ENTRIES SUPPLIED:

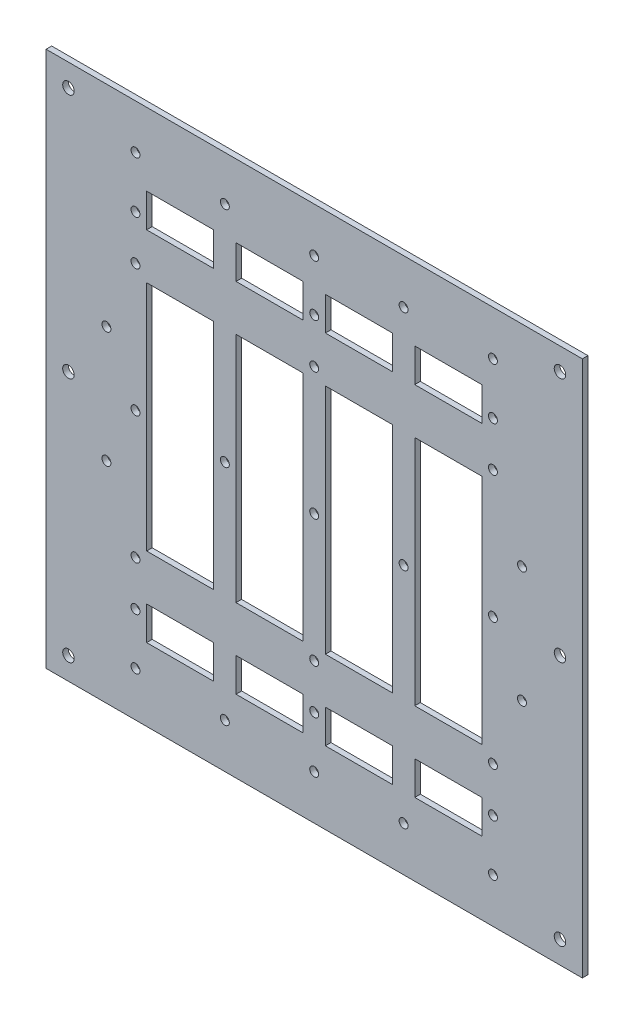
SolidWorks part; units mm, degrees
ref_plane "Front Plane" through (0, 0, 0) normal (0, 0, 1) x (1, 0, 0)
ref_plane "Top Plane" through (0, 0, 0) normal (0, 1, 0) x (1, 0, 0)
ref_plane "Right Plane" through (0, 0, 0) normal (1, 0, 0) x (0, 0, -1)
sketch "Sketch1" plane through (0, 0, 0) normal (0, 0, 1) x (1, 0, 0)
  line L0 (-152.4, 127) -> (-76.2, 127) construction
  line L1 (-152.4, 152.4) -> (152.4, 152.4)
  line L2 (-152.4, 152.4) -> (-152.4, -152.4)
  line L3 (-152.4, -152.4) -> (152.4, -152.4)
  line L4 (152.4, 152.4) -> (152.4, -152.4)
  line L5 (-76.2, 127) -> (-25.4, 127) construction
  line L6 (-25.4, 127) -> (25.4, 127) construction
  line L7 (25.4, 127) -> (76.2, 127) construction
  line L8 (76.2, 127) -> (152.4, 127) construction
  line L9 (-152.4, 0) -> (152.4, 0) construction
  line L10 (0, 152.4) -> (0, -152.4) construction
  line L11 (-118.11, 152.4) -> (-118.11, -152.4) construction
  line L12 (-152.4, -127) -> (152.4, -127) construction
  line L13 (127, 152.4) -> (127, -152.4) construction
  line L14 (-50.8, 152.4) -> (-50.8, -152.4) construction
  line L15 (50.8, 152.4) -> (50.8, -152.4) construction
  line L16 (-101.6, 152.4) -> (-101.6, -152.4) construction
  line L17 (-95.25, 66.04) -> (-57.15, 66.04)
  line L18 (-95.25, 66.04) -> (-95.25, -66.04)
  line L19 (-95.25, -66.04) -> (-57.15, -66.04)
  line L20 (-57.15, 66.04) -> (-57.15, -66.04)
  line L21 (-44.45, 66.04) -> (-6.35, 66.04)
  line L22 (-44.45, 66.04) -> (-44.45, -66.04)
  line L23 (-44.45, -66.04) -> (-6.35, -66.04)
  line L24 (-6.35, 66.04) -> (-6.35, -66.04)
  line L25 (6.35, 66.04) -> (44.45, 66.04)
  line L26 (6.35, 66.04) -> (6.35, -66.04)
  line L27 (6.35, -66.04) -> (44.45, -66.04)
  line L28 (44.45, 66.04) -> (44.45, -66.04)
  line L29 (57.15, 66.04) -> (95.25, 66.04)
  line L30 (57.15, 66.04) -> (57.15, -66.04)
  line L31 (57.15, -66.04) -> (95.25, -66.04)
  line L32 (95.25, 66.04) -> (95.25, -66.04)
  line L33 (101.6, 152.4) -> (101.6, -152.4) construction
  line L34 (-152.4, 120.65) -> (152.4, 120.65) construction
  line L35 (-101.6, 39.7057) -> (-95.25, 39.7057) construction
  line L36 (-57.15, 39.7057) -> (-50.8, 39.7057) construction
  line L37 (-76.2, 66.04) -> (-76.2, 0) construction
  line L38 (-76.2, 0) -> (-76.2, -66.04) construction
  line L39 (-152.4, 72.39) -> (152.4, 72.39) construction
  line L40 (-152.4, -72.39) -> (152.4, -72.39) construction
  line L41 (-76.2, 66.04) -> (-76.2, 72.39) construction
  line L42 (-95.25, -66.04) -> (-95.25, -72.39) construction
  line L43 (95.25, 39.7057) -> (101.6, 39.7057) construction
  line L44 (-95.25, 111.76) -> (-57.15, 111.76) construction
  line L45 (-57.15, 111.76) -> (-57.15, 118.4779) construction
  line L46 (-94.0266, 120.65) -> (-78.1749, 130.2582) construction
  line L47 (-95.25, 111.76) -> (-95.25, 118.4779) construction
  line L48 (-58.3734, 120.65) -> (-74.2251, 130.2582) construction
  line L49 (-107.3169, 130.81) -> (-83.1894, 130.81) construction
  line L50 (-6.35, 111.76) -> (-6.35, 118.4779) construction
  line L51 (-7.5734, 120.65) -> (-23.4251, 130.2582) construction
  line L52 (-43.2266, 120.65) -> (-27.3749, 130.2582) construction
  line L53 (-44.45, 111.76) -> (-44.45, 118.4779) construction
  line L54 (-6.35, 111.76) -> (-44.45, 111.76) construction
  line L55 (44.45, 111.76) -> (44.45, 118.4779) construction
  line L56 (43.2266, 120.65) -> (27.3749, 130.2582) construction
  line L57 (7.5734, 120.65) -> (23.4251, 130.2582) construction
  line L58 (6.35, 111.76) -> (6.35, 118.4779) construction
  line L59 (6.35, 111.76) -> (44.45, 111.76) construction
  line L60 (95.25, 111.76) -> (57.15, 111.76) construction
  line L61 (95.25, 111.76) -> (95.25, 118.4779) construction
  line L62 (94.0266, 120.65) -> (78.1749, 130.2582) construction
  line L63 (58.3734, 120.65) -> (74.2251, 130.2582) construction
  line L64 (57.15, 111.76) -> (57.15, 118.4779) construction
  line L65 (-95.25, -111.76) -> (-95.25, -118.4779) construction
  line L66 (-94.0266, -120.65) -> (-78.1749, -130.2582) construction
  line L67 (-58.3734, -120.65) -> (-74.2251, -130.2582) construction
  line L68 (-95.25, -111.76) -> (-57.15, -111.76) construction
  line L69 (-57.15, -111.76) -> (-57.15, -118.4779) construction
  line L70 (-44.45, -111.76) -> (-44.45, -118.4779) construction
  line L71 (-43.2266, -120.65) -> (-27.3749, -130.2582) construction
  line L72 (-6.35, -111.76) -> (-44.45, -111.76) construction
  line L73 (-7.5734, -120.65) -> (-23.4251, -130.2582) construction
  line L74 (-6.35, -111.76) -> (-6.35, -118.4779) construction
  line L75 (6.35, -111.76) -> (6.35, -118.4779) construction
  line L76 (7.5734, -120.65) -> (23.4251, -130.2582) construction
  line L77 (43.2266, -120.65) -> (27.3749, -130.2582) construction
  line L78 (6.35, -111.76) -> (44.45, -111.76) construction
  line L79 (44.45, -111.76) -> (44.45, -118.4779) construction
  line L80 (57.15, -111.76) -> (57.15, -118.4779) construction
  line L81 (58.3734, -120.65) -> (74.2251, -130.2582) construction
  line L82 (94.0266, -120.65) -> (78.1749, -130.2582) construction
  line L83 (95.25, -111.76) -> (57.15, -111.76) construction
  line L84 (95.25, -111.76) -> (95.25, -118.4779) construction
  line L85 (-152.4, 97.79) -> (152.4, 97.79) construction
  line L86 (-50.8, 39.7057) -> (-44.45, 39.7057) construction
  line L87 (-127, 152.4) -> (-127, -152.4) construction
  line L89 (-95.25, 101.6) -> (-92.3192, 101.6) construction
  line L90 (-95.25, 101.6) -> (-95.25, -101.6) construction
  line L96 (-90.8538, 101.6) -> (-90.8538, 68.58) construction
  line L97 (-89.3885, 101.6) -> (-89.3885, 68.58) construction
  line L98 (-92.3192, 101.6) -> (-92.3192, 68.58) construction
  line L99 (-83.5269, 101.6) -> (-83.5269, 68.58) construction
  line L100 (-86.4577, 101.6) -> (-86.4577, 68.58) construction
  line L101 (-89.3885, 101.6) -> (-86.4577, 101.6) construction
  line L102 (-77.6654, 101.6) -> (-77.6654, 68.58) construction
  line L103 (-80.5962, 101.6) -> (-80.5962, 68.58) construction
  line L104 (-83.5269, 101.6) -> (-80.5962, 101.6) construction
  line L105 (-71.8038, 101.6) -> (-71.8038, 68.58) construction
  line L106 (-74.7346, 101.6) -> (-74.7346, 68.58) construction
  line L107 (-77.6654, 101.6) -> (-74.7346, 101.6) construction
  line L108 (-65.9423, 101.6) -> (-65.9423, 68.58) construction
  line L109 (-68.8731, 101.6) -> (-68.8731, 68.58) construction
  line L110 (-71.8038, 101.6) -> (-68.8731, 101.6) construction
  line L111 (-60.0808, 101.6) -> (-60.0808, 68.58) construction
  line L112 (-63.0115, 101.6) -> (-63.0115, 68.58) construction
  line L113 (-65.9423, 101.6) -> (-63.0115, 101.6) construction
  line L114 (-57.15, -101.6) -> (-57.15, 101.6) construction
  line L115 (-60.0808, 101.6) -> (-57.15, 101.6) construction
  line L116 (-92.3192, 68.58) -> (-89.3885, 68.58) construction
  line L117 (-60.0808, -101.6) -> (-57.15, -101.6) construction
  line L118 (-60.0808, -101.6) -> (-60.0808, -68.58) construction
  line L119 (-63.0115, -101.6) -> (-63.0115, -68.58) construction
  line L120 (-65.9423, -101.6) -> (-65.9423, -68.58) construction
  line L121 (-65.9423, -101.6) -> (-63.0115, -101.6) construction
  line L122 (-68.8731, -101.6) -> (-68.8731, -68.58) construction
  line L123 (-71.8038, -101.6) -> (-68.8731, -101.6) construction
  line L124 (-71.8038, -101.6) -> (-71.8038, -68.58) construction
  line L125 (-74.7346, -101.6) -> (-74.7346, -68.58) construction
  line L126 (-77.6654, -101.6) -> (-74.7346, -101.6) construction
  line L127 (-77.6654, -101.6) -> (-77.6654, -68.58) construction
  line L128 (-80.5962, -101.6) -> (-80.5962, -68.58) construction
  line L129 (-83.5269, -101.6) -> (-80.5962, -101.6) construction
  line L130 (-83.5269, -101.6) -> (-83.5269, -68.58) construction
  line L131 (-86.4577, -101.6) -> (-86.4577, -68.58) construction
  line L132 (-89.3885, -101.6) -> (-86.4577, -101.6) construction
  line L133 (-89.3885, -101.6) -> (-89.3885, -68.58) construction
  line L134 (-92.3192, -101.6) -> (-92.3192, -68.58) construction
  line L135 (-95.25, -101.6) -> (-92.3192, -101.6) construction
  line L136 (-9.2808, 68.58) -> (-12.2115, 68.58) construction
  line L137 (6.35, 66.04) -> (44.45, 66.04) construction
  line L138 (-6.35, -66.04) -> (-6.35, -72.39) construction
  line L139 (-25.4, 66.04) -> (-25.4, 72.39) construction
  line L140 (-25.4, 0) -> (-25.4, -66.04) construction
  line L141 (-25.4, 66.04) -> (-25.4, 0) construction
  line L142 (-44.45, 66.04) -> (-44.45, -66.04) construction
  line L143 (-6.35, -66.04) -> (-44.45, -66.04) construction
  line L144 (-6.35, 66.04) -> (-6.35, -66.04) construction
  line L145 (-6.35, 66.04) -> (-44.45, 66.04) construction
  line L146 (-6.35, -101.6) -> (-9.2808, -101.6) construction
  line L147 (-9.2808, -101.6) -> (-9.2808, -68.58) construction
  line L148 (-12.2115, -101.6) -> (-12.2115, -68.58) construction
  line L149 (-12.2115, -101.6) -> (-15.1423, -101.6) construction
  line L150 (-15.1423, -101.6) -> (-15.1423, -68.58) construction
  line L151 (-18.0731, -101.6) -> (-18.0731, -68.58) construction
  line L152 (-18.0731, -101.6) -> (-21.0038, -101.6) construction
  line L153 (-21.0038, -101.6) -> (-21.0038, -68.58) construction
  line L154 (-23.9346, -101.6) -> (-23.9346, -68.58) construction
  line L155 (-23.9346, -101.6) -> (-26.8654, -101.6) construction
  line L156 (-26.8654, -101.6) -> (-26.8654, -68.58) construction
  line L157 (-29.7962, -101.6) -> (-29.7962, -68.58) construction
  line L158 (-29.7962, -101.6) -> (-32.7269, -101.6) construction
  line L159 (-32.7269, -101.6) -> (-32.7269, -68.58) construction
  line L160 (-35.6577, -101.6) -> (-38.5885, -101.6) construction
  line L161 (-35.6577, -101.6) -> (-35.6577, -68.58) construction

REQUIRED ACTION:
Look back at the entries above. Retype the line with "line L46 (-94.0266, 120.65)", the line with "line L50 (-6.35, 111.76)", and all lines in between.

EXERCISE SOLUTION:
  line L46 (-94.0266, 120.65) -> (-78.1749, 130.2582) construction
  line L47 (-95.25, 111.76) -> (-95.25, 118.4779) construction
  line L48 (-58.3734, 120.65) -> (-74.2251, 130.2582) construction
  line L49 (-107.3169, 130.81) -> (-83.1894, 130.81) construction
  line L50 (-6.35, 111.76) -> (-6.35, 118.4779) construction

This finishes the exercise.